Unfortunately, when the Arlington Board discussed the new TDR proposal in November, nearly all of the discussion focused on the wrong point. Currently, while nearly every zoning district in Arlington maintains a height restriction, the Board can raise it where the “community benefits”, like affordable dwellings or historic preservation, outweigh community costs. Any developer who cares about his bottom line will take advantage of the cheapest option to achieve the density he wants. If including affordable dwelling units or contributing to a public arts fund is cheaper and easier than buying density from a nearby parcel, that’s what he’ll do.

Meanwhile, this overlooks the small-time landowner in the county with an historic resource on his hands. Unless someone can offer him cash to buy his on-site density, he might simply knock down his historic building to construct a condo project. To avoid this type of destruction, he needs to be able to sell his density to a developer who can use it somewhere, and get at least as much money as he could by redeveloping his property.
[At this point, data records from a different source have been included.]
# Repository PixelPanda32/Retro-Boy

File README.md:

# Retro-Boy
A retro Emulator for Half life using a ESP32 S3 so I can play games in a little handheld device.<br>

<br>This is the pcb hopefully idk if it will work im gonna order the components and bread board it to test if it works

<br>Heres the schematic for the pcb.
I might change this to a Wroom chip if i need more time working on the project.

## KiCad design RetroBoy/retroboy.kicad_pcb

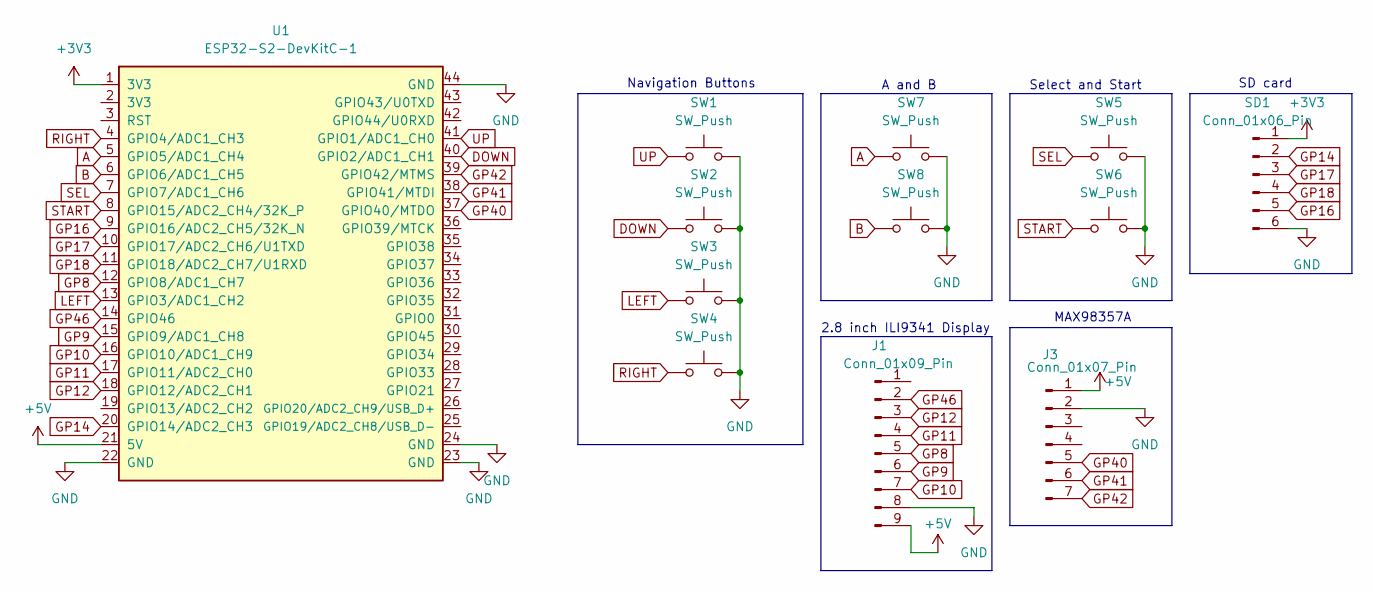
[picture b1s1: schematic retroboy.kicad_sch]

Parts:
J1: Conn_01x09_Pin; PinHeader_1x09_P2.54mm_Vertical
J3: Conn_01x07_Pin; PinHeader_1x07_P2.54mm_Vertical
SD1: Conn_01x06_Pin; PinHeader_1x06_P2.54mm_Vertical
SW1, SW2, SW3, SW4, SW5, SW6, SW7, SW8: SW_Push; SW_PUSH-12mm
U1: ESP32-S2-DevKitC-1

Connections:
+3V3: SD1.1, U1.1 (3V3)
+5V: J1.9, J3.1, U1.21 (5V)
A: SW7.1, U1.5 (GPIO5/ADC1_CH4)
B: SW8.1, U1.6 (GPIO6/ADC1_CH5)
DOWN: SW2.1, U1.40 (GPIO2/ADC1_CH1)
GND: J1.8, J3.2, SD1.6, SW1.2, SW2.2, SW3.2, SW4.2, SW5.2, SW6.2, SW7.2, SW8.2, U1.22 (GND), U1.23 (GND), U1.24 (GND), U1.44 (GND)
GP8: J1.5, U1.12 (GPIO8/ADC1_CH7)
GP9: J1.6, U1.15 (GPIO9/ADC1_CH8)
GP10: J1.7, U1.16 (GPIO10/ADC1_CH9)
GP11: J1.4, U1.17 (GPIO11/ADC2_CH0)
GP12: J1.3, U1.18 (GPIO12/ADC2_CH1)
GP14: SD1.2, U1.20 (GPIO14/ADC2_CH3)
GP16: SD1.5, U1.9 (GPIO16/ADC2_CH5/32K_N)
GP17: SD1.3, U1.10 (GPIO17/ADC2_CH6/U1TXD)
GP18: SD1.4, U1.11 (GPIO18/ADC2_CH7/U1RXD)
GP40: J3.5, U1.37 (GPIO40/MTDO)
GP41: J3.6, U1.38 (GPIO41/MTDI)
GP42: J3.7, U1.39 (GPIO42/MTMS)
GP46: J1.2, U1.14 (GPIO46)
LEFT: SW3.1, U1.13 (GPIO3/ADC1_CH2)
RIGHT: SW4.1, U1.4 (GPIO4/ADC1_CH3)
SEL: SW5.1, U1.7 (GPIO7/ADC1_CH6)
START: SW6.1, U1.8 (GPIO15/ADC2_CH4/32K_P)
UP: SW1.1, U1.41 (GPIO1/ADC1_CH0)

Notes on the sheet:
A and B
Navigation Buttons
SD card
MAX98357A
Select and Start
2.8 inch ILI9341 Display

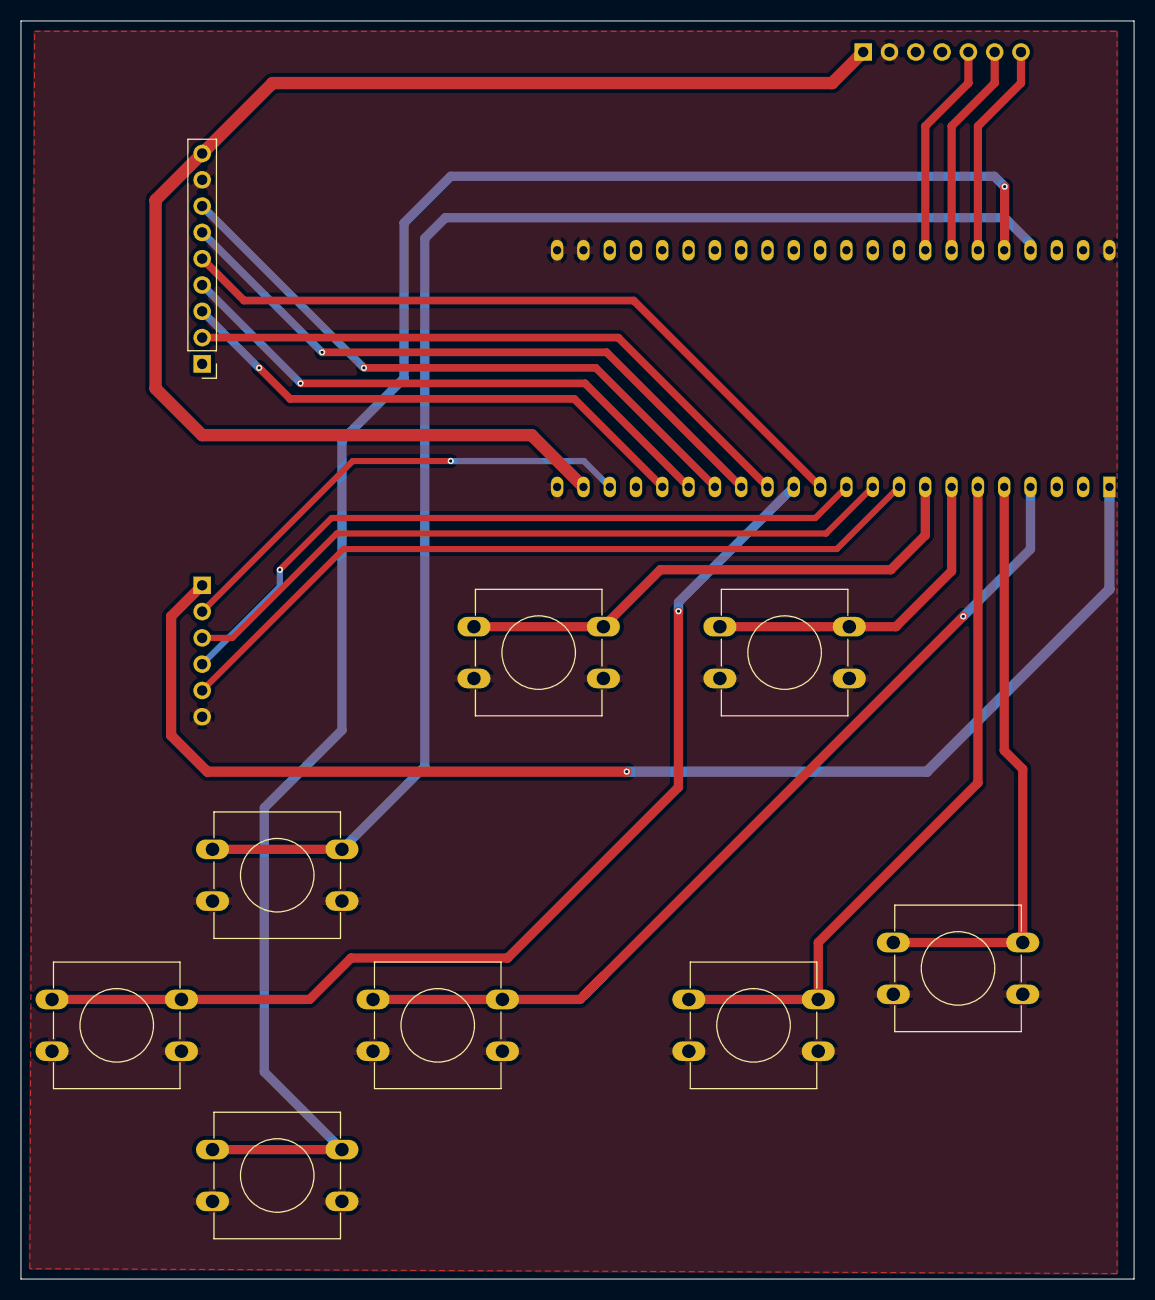
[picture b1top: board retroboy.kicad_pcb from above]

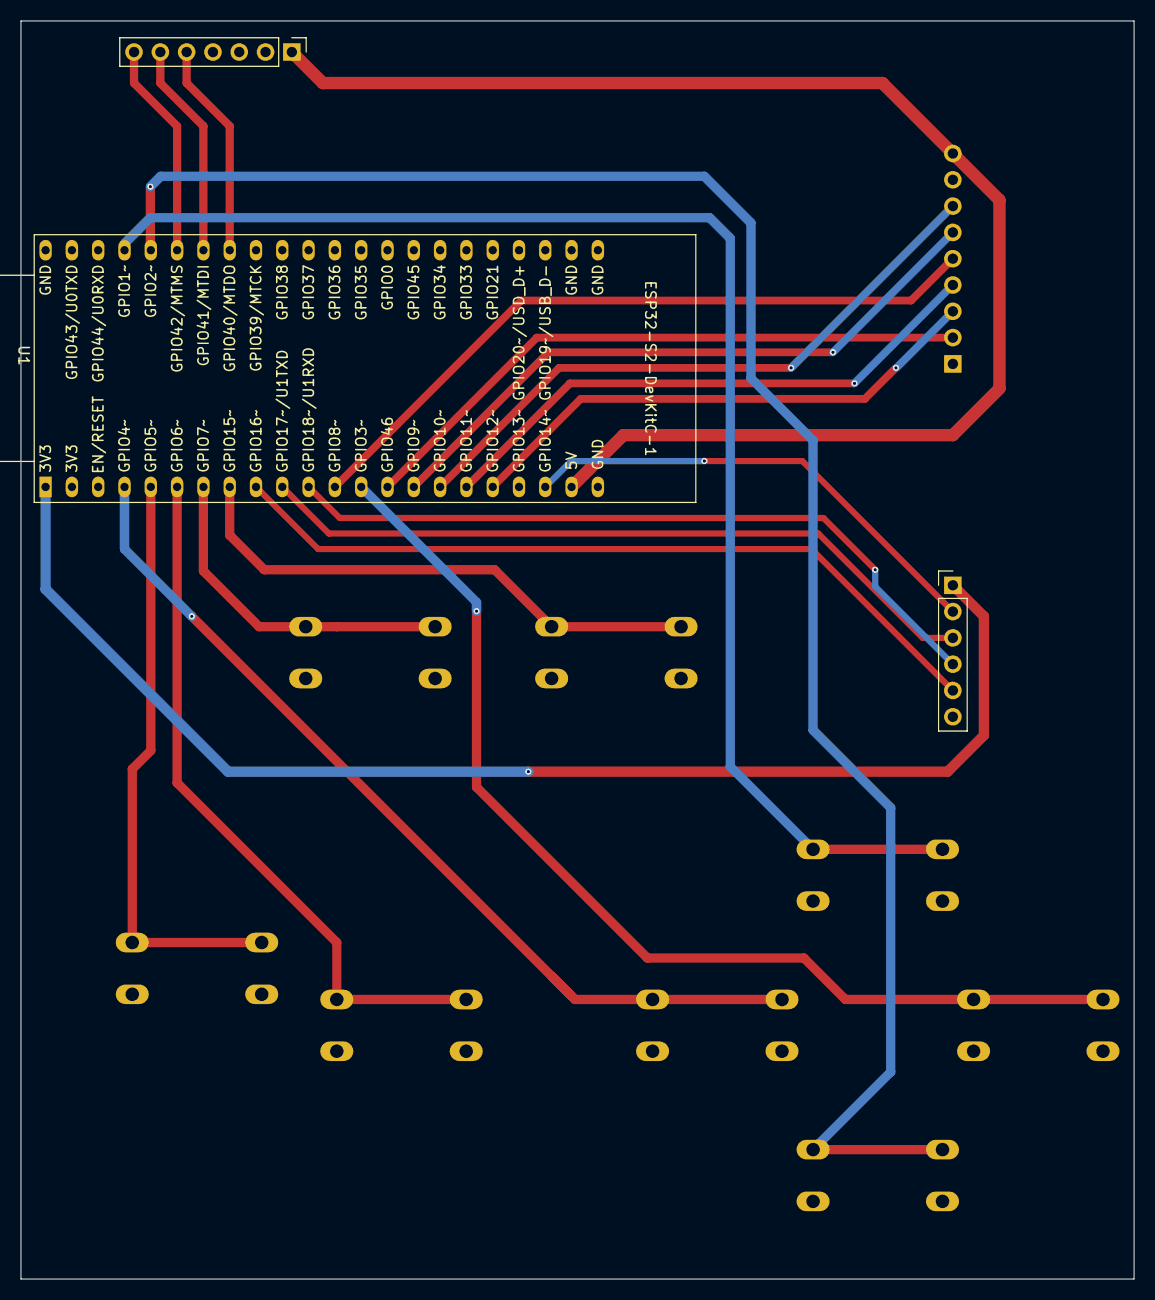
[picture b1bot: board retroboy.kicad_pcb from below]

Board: 2 copper layers, 107.5 x 121.5 mm, 12 parts (3 on the bottom side), 24 nets.

One ideal place for this extra density is Rosslyn. It’s the tallest and most dense section of the County, with arguably the best transportation infrastructure in the region. But Rosslyn has an absolute 10.0 Floor-Area Ratio cap, which Arlington’s Board has no discretion to increase without changing to the underlying zoning, even if the excess would only be density transferred from elsewhere. And, any transfer of density needs to be approved, project-by-project, by the Arlington Board, depriving sellers of the confidence that they could sell their development rights.

If a developer can attain a 10.0 maximum FAR in Rosslyn merely from contributing to County “community benefits” funds, and he can’t exceed 10.0 FAR through TDRs, why would he go through the expensive and time-consuming proposition of locating and buying density from our historic resource owner? Arlington should borrow some of the strengths of other programs. It’s unclear whether the Virginia Code authorizes TDR banks right now, but the current arrangement has left the program virtually unused.

In the future, it would also be great if the program could allow transfers not only within Arlington, but from more rural parts of the region into Arlington. Of course, to make that work, counties would have to work out ways to handle shifting the tax and density burden between counties. But such a system would really let Virginia use TDRs to protect its rural land, as Montgomery has done between its Agricultural Reserve and urbanizing downcounty communities.

Joey Katzen is an entrepreneur and attorney who previously lived in Arlington, Virginia.  A native of the Commonwealth, he hopes our public and private sectors can work together to continue transforming each of our neighborhoods into attractive places we can be proud of.